I have an 8 gauge, but at one time I had a 0 gauge. I love them! 

They can be really artsy/classy if you know how to pull them off. I love, love, love hanging ornate gauges because theyre so beautiful! But, I also have a thing for wooden plugs.

http://www.bodyartforms.com/images/bonequiver.jpg

^ Those are currently what I have in. They kinda just look like really thick hoop earrings. Also, Bodyartforms.com is great for cheap, high quality fun!

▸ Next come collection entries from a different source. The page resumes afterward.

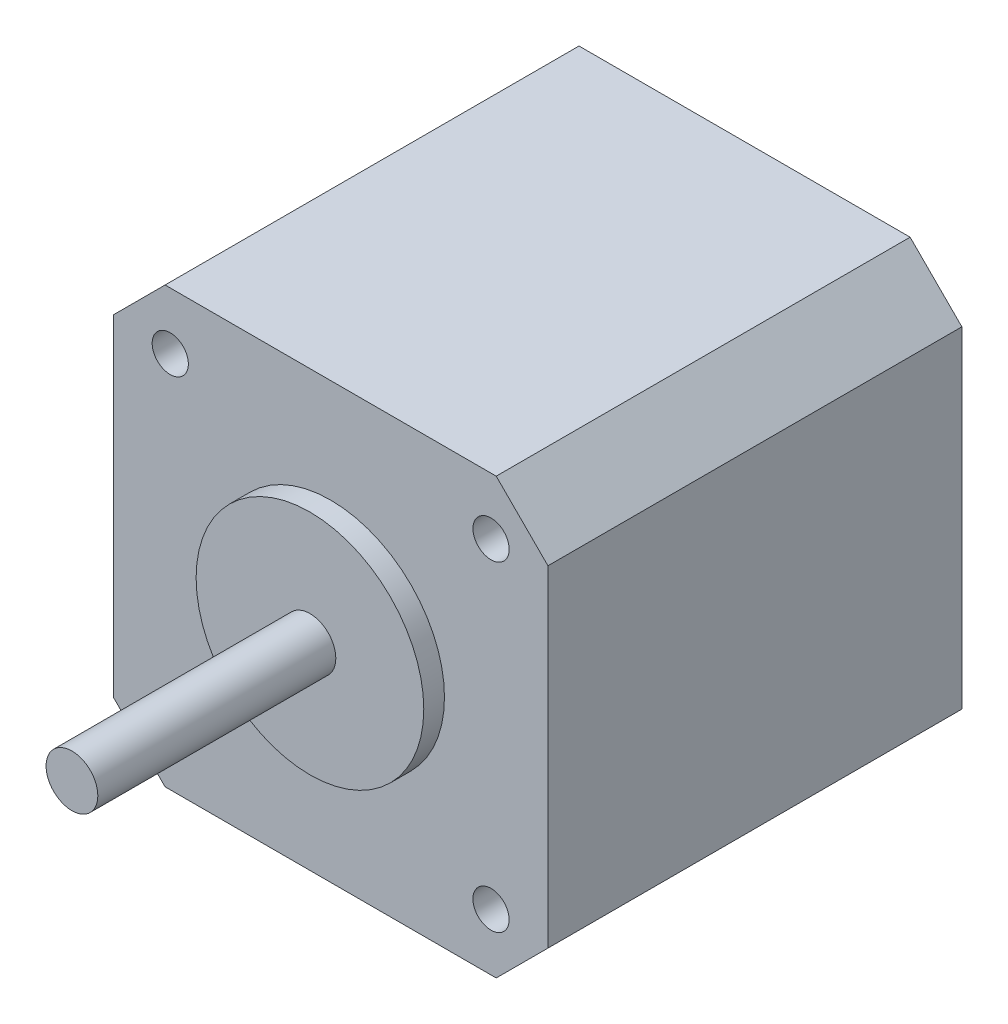
from build123d import *

# Parameters (mm, degrees)
SKETCH_1_W          = 42
SKETCH_1_H          = 42
EXTRUDE_1_DEPTH     = 40
CHAMFER_1_SIZE      = 5
SKETCH_2_R          = 11
EXTRUDE_2_DEPTH     = 2
SKETCH_3_R          = 2.5
EXTRUDE_3_DEPTH     = 23
SKETCH_4_R          = 1.75
CUT_EXTRUDE_1_DEPTH = 3


with BuildPart() as part:
    # 草圖1 → 填料-伸長1 (new body)
    with BuildSketch(Plane.XY):
        Rectangle(SKETCH_1_W, SKETCH_1_H)
    extrude(amount=EXTRUDE_1_DEPTH)

    # 導角1
    chamfer_1_edges = [part.edges().sort_by_distance(p)[0] for p in [
        (-21, 21, 20),
        (21, 21, 20),
        (21, -21, 20),
        (-21, -21, 20),
    ]]
    chamfer(chamfer_1_edges, length=CHAMFER_1_SIZE)

    # 草圖2 → 填料-伸長2 (add)
    with BuildSketch(Plane.XY.offset(40)):
        Circle(SKETCH_2_R)
    extrude(amount=EXTRUDE_2_DEPTH)

    # 草圖3 → 填料-伸長3 (add)
    with BuildSketch(Plane.XY.offset(42)):
        Circle(SKETCH_3_R)
    extrude(amount=EXTRUDE_3_DEPTH)

    # 草圖4 → 除料-伸長1 (cut)
    with BuildSketch(Plane.XY.offset(40)):
        with Locations((-15.5, 15.5)):
            Circle(SKETCH_4_R)
        with Locations(Location((-15.5, -15.5, 0), (0, 0, 180))):
            Circle(SKETCH_4_R)
        with Locations((15.5, -15.5)):
            Circle(SKETCH_4_R)
        with Locations(Location((15.5, 15.5, 0), (0, 0, 180))):
            Circle(SKETCH_4_R)
    extrude(amount=-CUT_EXTRUDE_1_DEPTH, mode=Mode.SUBTRACT)


solid = part.part
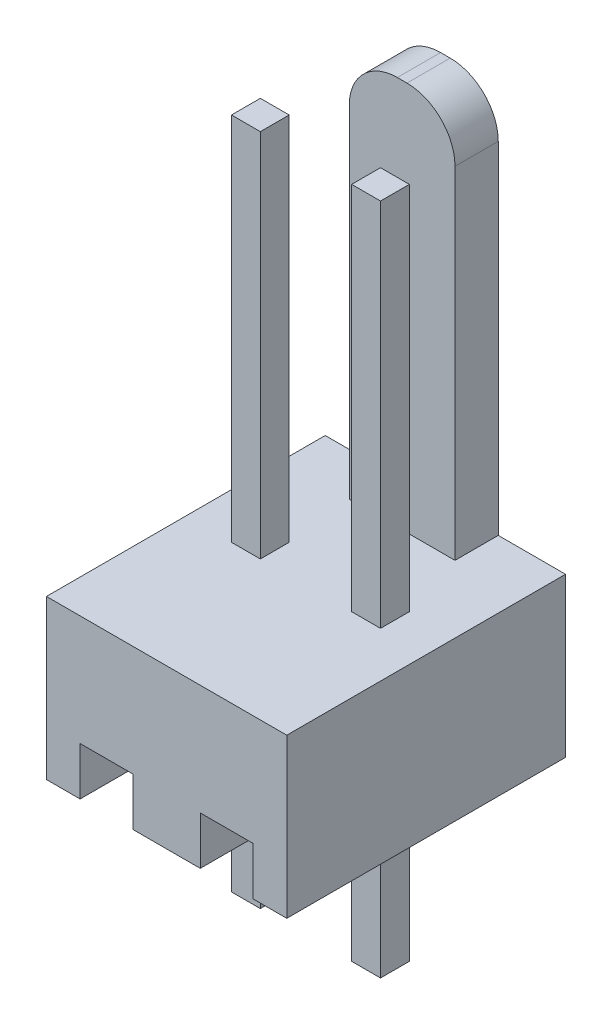
from build123d import *

# Parameters (mm, degrees)
CROQUIS1_W                   = 5
CROQUIS1_H                   = 5.8
SALIENTE_EXTRUIR1_DEPTH      = 3.3
CROQUIS4_W                   = 1.1
CROQUIS4_H                   = 5.8
CORTAR_EXTRUIR1_DEPTH        = 1
CROQUIS5_W                   = 2.2
CROQUIS5_H                   = 0.9
SALIENTE_EXTRUIR2_DEPTH      = 8.1
REDONDEO4_R                  = 1
REDONDEO5_R                  = 1
SALIENTE_EXTRUIR3_DEPTH      = 4
SALIENTE_EXTRUIR3_DEPTH_BACK = 10
CROQUIS6_W                   = 0.6
CROQUIS6_H                   = 0.6


with BuildPart() as part:
    # Croquis1 → Saliente-Extruir1 (new body)
    with BuildSketch(Plane(origin=(0, 0, 0), x_dir=(1, 0, 0), z_dir=(0, 1, 0))):
        Rectangle(CROQUIS1_W, CROQUIS1_H)
    extrude(amount=SALIENTE_EXTRUIR1_DEPTH)

    # Croquis4 → Cortar-Extruir1 (cut)
    with BuildSketch(Plane.XZ):
        with Locations((-1.25, 0)):
            Rectangle(CROQUIS4_W, CROQUIS4_H)
        with Locations((1.25, 0)):
            Rectangle(CROQUIS4_W, CROQUIS4_H)
    extrude(amount=-CORTAR_EXTRUIR1_DEPTH, mode=Mode.SUBTRACT)

    # Croquis5 → Saliente-Extruir2 (add)
    with BuildSketch(Plane(origin=(0, 3.3, 0), x_dir=(1, 0, 0), z_dir=(0, 1, 0))):
        with Locations((0, 2.45)):
            Rectangle(CROQUIS5_W, CROQUIS5_H)
    extrude(amount=SALIENTE_EXTRUIR2_DEPTH)

    # Redondeo4
    redondeo4_edges = [part.edges().sort_by_distance(p)[0] for p in [
        (-1.1, 11.4, -2.45),
    ]]
    fillet(redondeo4_edges, radius=REDONDEO4_R)

    # Redondeo5
    redondeo5_edges = [part.edges().sort_by_distance(p)[0] for p in [
        (1.1, 11.4, -2.45),
    ]]
    fillet(redondeo5_edges, radius=REDONDEO5_R)

    # Croquis6 → Saliente-Extruir3 (add, two sides: drawn at the far end of the back side and taken through both)
    with BuildSketch(Plane.XZ.offset(-1).offset(-SALIENTE_EXTRUIR3_DEPTH_BACK)):
        with Locations((1.25, -0.3)):
            Rectangle(CROQUIS6_W, CROQUIS6_H)
        with Locations((-1.25, -0.3)):
            Rectangle(CROQUIS6_W, CROQUIS6_H)
    extrude(amount=SALIENTE_EXTRUIR3_DEPTH + SALIENTE_EXTRUIR3_DEPTH_BACK)


solid = part.part

The only thing that bothers me is when people wear the hollow ones and dont clean the ears. Sorry, but I dont wanna see your ear goo! 

Also, now tha I think on it, I wouldnt go bigger than a zero because of job issues (most people dont really notice Zeros if you have long hair) and the simple fact that it takes FOREVER for them to unstretch.

But I love gauged ears! and im currently trying to get back down to a zero


----------



## Beauty Mark (Apr 15, 2007)

I don't stretch but my friends who do actually went their piercers. It seems better that way, just because they would know of all people


----------



## eighmii (Apr 15, 2007)

I used to be up to 7/16th 

But I had to let them close up for work. (I work at The Cheesecake Factory. Very strict.)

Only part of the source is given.